Thursday, September 17, 2009

Retro Game of the Day! Hard Drivin'

Retro Game of the Day! Hard Drivin'

Hard Drivin' by the venerable Atari Games - a hallmark game released in 1989, it looks like a dead man's elbow now but in 1989 seeing any kind of "filled-polygon graphics" in a video game, arcade or otherwise, was pretty much not heard of anywhere. This was quite a big deal when it was released!

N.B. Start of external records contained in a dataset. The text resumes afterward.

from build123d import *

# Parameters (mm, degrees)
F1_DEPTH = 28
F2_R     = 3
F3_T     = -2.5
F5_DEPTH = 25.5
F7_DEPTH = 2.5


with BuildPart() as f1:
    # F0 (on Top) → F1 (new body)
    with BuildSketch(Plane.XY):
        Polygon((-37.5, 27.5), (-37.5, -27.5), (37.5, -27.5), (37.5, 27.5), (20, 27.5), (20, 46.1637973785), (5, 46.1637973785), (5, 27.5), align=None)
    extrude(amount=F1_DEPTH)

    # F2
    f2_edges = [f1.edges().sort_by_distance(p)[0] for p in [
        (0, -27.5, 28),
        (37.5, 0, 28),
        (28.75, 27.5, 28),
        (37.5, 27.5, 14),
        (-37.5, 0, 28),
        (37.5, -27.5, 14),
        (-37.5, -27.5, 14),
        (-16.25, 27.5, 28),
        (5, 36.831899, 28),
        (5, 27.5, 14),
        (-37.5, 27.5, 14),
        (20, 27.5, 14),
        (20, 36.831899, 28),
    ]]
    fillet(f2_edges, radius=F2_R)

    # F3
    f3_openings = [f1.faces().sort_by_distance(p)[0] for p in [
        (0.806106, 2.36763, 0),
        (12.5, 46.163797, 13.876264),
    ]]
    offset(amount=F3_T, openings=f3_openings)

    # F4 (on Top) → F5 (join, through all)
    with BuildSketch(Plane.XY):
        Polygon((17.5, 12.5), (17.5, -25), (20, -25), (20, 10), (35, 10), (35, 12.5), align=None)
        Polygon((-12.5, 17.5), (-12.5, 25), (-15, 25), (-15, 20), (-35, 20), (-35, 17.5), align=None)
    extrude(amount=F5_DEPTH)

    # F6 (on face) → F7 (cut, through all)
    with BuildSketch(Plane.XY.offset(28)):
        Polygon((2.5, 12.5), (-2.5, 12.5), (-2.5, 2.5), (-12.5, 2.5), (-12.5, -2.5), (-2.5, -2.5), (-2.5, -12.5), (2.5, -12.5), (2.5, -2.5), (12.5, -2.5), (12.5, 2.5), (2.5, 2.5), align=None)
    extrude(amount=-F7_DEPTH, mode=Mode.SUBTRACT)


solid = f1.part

Though it appears as though this title may have started it's life as a straight simulator, Hard Drivin' is something of a 1-on-1 race game/stunt driving game with a bit of sim thrown in. In fact it was much more simulation-feeling than anything else available at the time, up to this point mostly what you'd see were Outrun-style scaling-sprite driving games (by Atari as well, as was the case with titles such as RoadBlasters). Additionally this title was very innovative for it's introduction of a powerful force-feedback wheel, which they used rather than a moving hydraulic cockpit (again, as was the case with the Sega games if the day).

HD was a strange affair - certainly a novelty at the time, and at this point anytime a new arcade machine popped up by Atari you knew it was going to be at least good, if not also quite extraordinary. HD was both - the game was fun, if frustrating - and it was also looking and playing quite unlike anything else out there. Rather than a straight-up racer, you had a singe CPU-controlled rival - I believe if you ranked higher, your own driving would be recorded and stored as a "Ghost Rider" to race against. Very thrilling at the time!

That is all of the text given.